With a high C<MaxClients>, if you get a high load the server will try
to serve all requests immediately.  Your CPU will have a hard time
keeping up, and if the child size multiplied by a number of running
children is larger than the total available RAM your server will start
swapping.  This will slow down everything, which in turn will make
things even slower, until eventually your machine will die.  It's
important that you take pains to ensure that swapping does not
normally happen.  Swap space is an emergency pool, not a resource to
be used routinely. If you are low on memory and you badly need it, buy
it.  Memory is cheap.

We want this directive to be as small as possible, because in this way
we can limit the resources used by the server children.  Since we can
restrict each child's process size as we will learn later, the
calculation of C<MaxClients> is pretty straightforward:

               Total RAM Dedicated to the Webserver
  MaxClients = ------------------------------------
                     MAX child's process size

So if I have 400Mb left for the mod_perl to run with, I can set
C<MaxClients> to be of 40 if I know that each child is limited to 10Mb
of memory.

You will be wondering what will happen to your server if there are
more concurrent users than C<MaxClients> at any time.  This situation
is signified by the following warning message in the C<error_log>:

  [Sun Jan 24 12:05:32 1999] [error] server reached MaxClients setting,
  consider raising the MaxClients setting

Technically there is no problem--any connection attempts over the
C<MaxClients> limit will normally be queued, up to a number based on
the C<ListenBacklog> directive.  When a child process is freed at the
end of a different request, the connection will be served.

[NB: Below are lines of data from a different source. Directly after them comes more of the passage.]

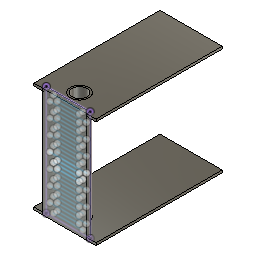
3ChamberBoxTube (Autodesk Fusion 360 design; units mm, degrees)
Autodesk Fusion 360 part; units mm, degrees
sketch "Door (1.25\" Tube)" plane through (0, 0, 0) normal (0, 0, 1) x (1, 0, 0)
  line L0 (0, 0) -> (107.95, 0)
  line L1 (107.95, 0) -> (107.95, 219.075)
  line L2 (107.95, 219.075) -> (0, 219.075)
  line L3 (0, 219.075) -> (0, 0)
  circle A0 centre (53.975, 25.4) radius 15.8115
  line L4 (15.875, 0) -> (15.875, 5.715)
  line L5 (15.875, 5.715) -> (92.075, 5.715)
  line L6 (92.075, 5.715) -> (92.075, 0)
  circle A1 centre (53.975, 25.4) radius 12.7
  dimension "d1" = 107.95
  dimension "d2" = 219.075
  dimension "d3" = 31.623
  dimension "d4" = 25.4
  dimension "d5" = 53.975
  dimension "d14" = 25.4
  dimension "d79" = 76.2
  dimension "d80" = 15.875
  dimension "d94" = 5.715
  constraint horizontal L0
  constraint vertical L1
  constraint horizontal L2
  constraint vertical L3
  constraint coincident L0.start L3.end
  constraint coincident L0 L4.start
  constraint perpendicular L0 L4
  constraint perpendicular L4 L5
  constraint perpendicular L5 L6
  constraint coincident L0 L6.end
  constraint concentric A0 A1
  measures "d1" distance of L0.start L0.end
  measures "d2" distance of L0.start L2.end
  measures "d3" diameter of A0
  measures "d4" distance of L0 A0.centre
  measures "d5" distance of L3 A0.centre
  measures "d14" diameter of A1
  measures "d79" distance of L4 L6
  measures "d80" distance of L1 L6
  measures "d94" distance of L0 L5
extrude "Extrude1" add sketch "Door (1.25\" Tube)" along normal blind 4.318 contours L0 L1 L2 L3 L4 L5 L6 makes body 1
extrude "Extrude2" add sketch "Door (1.25\" Tube)" along normal blind 4.318 separate body contours L0 L4 L5 L6 makes body 2
extrude "Extrude3" add sketch "Door (1.25\" Tube)" against normal blind 194.818 contours L0 L4 L5 L6 bodies 2
copy_body "CopyPasteBodies1" bodies 1 makes body 3
move_body "Move1" bodies 3 to x (1, 0, 0) y (0, 1, 0) z (0, 0, 1) at (0, 0, -194.818)
extrude "Extrude4" add sketch "Door (1.25\" Tube)" against normal up to surface (194.818 mm away) separate body contours A0 makes body 4
extrude "Extrude5" add 1 faces at (68.6432, 23.9835, 0) along direction (0, 0, 1) up to surface (4.318 mm away) on bodies 4 bodies 4
move_body "Move2" bodies 3 to x (1, 0, 0) y (0, 1, 0) z (0, 0, 1) at (0, 0, 8.636)
extrude "Extrude6" cut 1 faces at (66.675, 3.81, -194.818) along direction (0, 0, 1) blind 8.636 on bodies 2 bodies 2
extrude "Extrude7" cut 1 faces at (68.6432, 23.9835, -194.818) along direction (0, 0, 1) blind 8.636 on bodies 4 bodies 4
sketch "Tube Door Laser Cut" plane through (0, 0, 4.318) normal (0, 0, 1) x (-1, 0, 0)
  circle A0 centre (-53.975, -25.4) radius 15.8115
  line L0 (-92.075, -5.715) -> (-92.075, 0)
  line L1 (-92.075, 0) -> (-107.95, 0)
  line L2 (-107.95, 0) -> (-107.95, -219.075)
  line L3 (-107.95, -219.075) -> (0, -219.075)
  line L4 (0, -219.075) -> (0, 0)
  line L5 (0, 0) -> (-15.875, 0)
  line L6 (-15.875, 0) -> (-15.875, -5.715)
  line L7 (-15.875, -5.715) -> (-92.075, -5.715)
sketch "Base Laser Cut Engrave" plane through (0, 5.715, 0) normal (0, 1, 0) x (-1, 0, 0)
  line L0 (-92.075, -186.182) -> (-15.875, -186.182)
  line L1 (-15.875, -186.182) -> (-15.875, 4.318)
  line L2 (-15.875, 4.318) -> (-92.075, 4.318)
  line L3 (-92.075, 4.318) -> (-92.075, -186.182)
  line L4 (-22.225, -90.932) -> (-85.725, -90.932)
  line L5 (-34.925, -97.282) -> (-73.025, -97.282)
  line L6 (-28.575, -103.632) -> (-79.375, -103.632)
  line L7 (-34.925, -109.982) -> (-73.025, -109.982)
  line L8 (-22.225, -90.932) -> (-85.725, -90.932)
  line L9 (-34.925, -97.282) -> (-73.025, -97.282)
  line L10 (-28.575, -103.632) -> (-79.375, -103.632)
  line L11 (-34.925, -109.982) -> (-73.025, -109.982)
  line L12 (-22.225, -116.332) -> (-85.725, -116.332)
  line L13 (-34.925, -122.682) -> (-73.025, -122.682)
  line L14 (-28.575, -129.032) -> (-79.375, -129.032)
  line L15 (-34.925, -135.382) -> (-73.025, -135.382)
  line L16 (-22.225, -141.732) -> (-85.725, -141.732)
  line L17 (-34.925, -148.082) -> (-73.025, -148.082)
  line L18 (-28.575, -154.432) -> (-79.375, -154.432)
  line L19 (-34.925, -160.782) -> (-73.025, -160.782)
  line L20 (-22.225, -167.132) -> (-85.725, -167.132)
  line L21 (-34.925, -173.482) -> (-73.025, -173.482)
  line L22 (-28.575, -179.832) -> (-79.375, -179.832)
  line L23 (-34.925, -84.582) -> (-73.025, -84.582)
  line L24 (-28.575, -78.232) -> (-79.375, -78.232)
  line L25 (-34.925, -71.882) -> (-73.025, -71.882)
  line L26 (-22.225, -65.532) -> (-85.725, -65.532)
  line L27 (-34.925, -59.182) -> (-73.025, -59.182)
  line L28 (-28.575, -52.832) -> (-79.375, -52.832)
  line L29 (-34.925, -46.482) -> (-73.025, -46.482)
  line L30 (-22.225, -40.132) -> (-85.725, -40.132)
  line L31 (-34.925, -33.782) -> (-73.025, -33.782)
  line L32 (-28.575, -27.432) -> (-79.375, -27.432)
  line L33 (-34.925, -21.082) -> (-73.025, -21.082)
  line L34 (-22.225, -14.732) -> (-85.725, -14.732)
  line L35 (-34.925, -8.382) -> (-73.025, -8.382)
  line L36 (-28.575, -2.032) -> (-79.375, -2.032)
  dimension "d81" = 6.35
  dimension "d82" = 6.35
  dimension "d83" = 6.35
  dimension "d84" = 19.05
  dimension "d85" = 19.05
  dimension "d86" = 6.35
  dimension "d87" = 12.7
  dimension "d88" = 12.7
  dimension "d89" = 6.35
  dimension "d90" = 6.35
  dimension "d91" = 6.35
  dimension "d92" = 6.35
  dimension "d93" = 6.35
  constraint perpendicular L1 L4
  constraint horizontal L5
  constraint horizontal L6
  constraint horizontal L7
  constraint horizontal L9
  constraint horizontal L10
  constraint horizontal L11
  constraint horizontal L13
  constraint horizontal L14
  constraint horizontal L15
  constraint horizontal L17
  constraint horizontal L18
  constraint horizontal L19
  constraint horizontal L21
  constraint horizontal L22
  constraint symmetric L4 L6.end L24.end
  constraint symmetric L4 L6.start L24.start
  constraint symmetric L4 L5.start L23.start
  constraint symmetric L4 L5.end L23.end
  constraint symmetric L4 L7.start L25.start
  constraint symmetric L4 L7.end L25.end
  constraint symmetric L4 L12.end L26.end
  constraint symmetric L4 L12.start L26.start
  constraint symmetric L4 L14.end L28.end
  constraint symmetric L4 L14.start L28.start
  constraint symmetric L4 L13.start L27.start
  constraint symmetric L4 L13.end L27.end
  constraint symmetric L4 L15.start L29.start
  constraint symmetric L4 L15.end L29.end
  constraint symmetric L4 L16.start L30.start
  constraint symmetric L4 L16.end L30.end
  constraint symmetric L4 L18.end L32.end
  constraint symmetric L4 L18.start L32.start
  constraint symmetric L4 L19.start L33.start
  constraint symmetric L4 L17.start L31.start
  constraint symmetric L4 L17.end L31.end
  constraint symmetric L4 L19.end L33.end
  constraint symmetric L4 L22.end L36.end
  constraint symmetric L4 L22.start L36.start
  constraint symmetric L4 L21.end L35.end
  constraint symmetric L4 L20.start L34.start
  constraint symmetric L4 L20.end L34.end
  constraint symmetric L4 L21.start L35.start
  measures "d81" distance of L1 L4.start
  measures "d82" distance of L3 L4.end
  measures "d83" distance of L4 L5
  measures "d84" distance of L1 L5.start
  measures "d85" distance of L3 L5.end
  measures "d86" distance of L5 L6
  measures "d87" distance of L1 L6.start
  measures "d88" distance of L3 L6.end
  measures "d89" distance of L8 L9
  measures "d90" distance of L9 L10
  measures "d91" distance of L13 L14
  measures "d92" distance of L17 L18
  measures "d93" distance of L21 L22
sketch "Door (1.375\" Tube)" plane through (0, 0, 4.318) normal (0, 0, 1) x (-1, 0, 0)
  line L0 (-92.075, -5.715) -> (-92.075, 0)
  line L1 (-92.075, 0) -> (-107.95, 0)
  line L2 (-107.95, 0) -> (-107.95, -219.075)
  line L3 (-107.95, -219.075) -> (0, -219.075)
  line L4 (0, -219.075) -> (0, 0)
  line L5 (0, 0) -> (-15.875, 0)
  line L6 (-15.875, 0) -> (-15.875, -5.715)
  line L7 (-15.875, -5.715) -> (-92.075, -5.715)
  circle A0 centre (-53.975, -25.4) radius 17.4625
  dimension "d95" = 34.925
  measures "d95" diameter of A0
equation "d5 = ( 4.25 / 2 ) * 1 in"
equation "d12 = -7.5 in - 0.170 in"
named bodies: "Door 1", "Base Plate", "Door 2", "Tube"

But it B<is an error> because clients are being put in the queue
rather than getting served immediately, despite the fact that they do
not get an error response.  The error can be allowed to persist to
balance available system resources and response time, but sooner or
later you will need to get more RAM so you can start more child
processes.  The best approach is to try not to have this condition
reached at all, and if you reach it often you should start to worry
about it.

Fortunately the picture is different and in fact much less memory is
used in knowledgeable hands, if you recall the discussion about the
shared memory. We have developed this formula:

               Total_RAM + Shared_RAM_per_Child * MaxClients
  MaxClients = ---------------------------------------------
                        Max_Process_Size - 1

which is:

                    Total_RAM - Max_Process_Size
  MaxClients = ---------------------------------------
               Max_Process_Size - Shared_RAM_per_Child

Let's roll some calculations:

  Total_RAM            = 500Mb
  Max_Process_Size     =  10Mb
  Shared_RAM_per_Child =   4Mb

              500 - 10
 MaxClients = --------- = 81
               10 - 4

With no sharing in place

                 500
 MaxClients = --------- = 50
                 10

With sharing in place if your numbers are similar to the ones in our
example, you can have 60% more servers without buying more RAM (81
compared to 50).

If you improve sharing and the sharing level is kept across through
the child's life, let's say:

  Total_RAM            = 500Mb
  Max_Process_Size     =  10Mb
  Shared_RAM_per_Child =   8Mb

              500 - 10
 MaxClients = --------- = 245
               10 - 8

you can have 390% more servers (245 compared to 50)!

There is one more nuance to remember. The number of request per second
that you server can serve won't grow linearly with raising value of
the C<MaxClients>. Assuming that you have a lot of RAM available and
you try to set the C<MaxClients> as big as possible you will see that
starting from certain value further increasing of the C<MaxClients>
value will give you no improvement in performance.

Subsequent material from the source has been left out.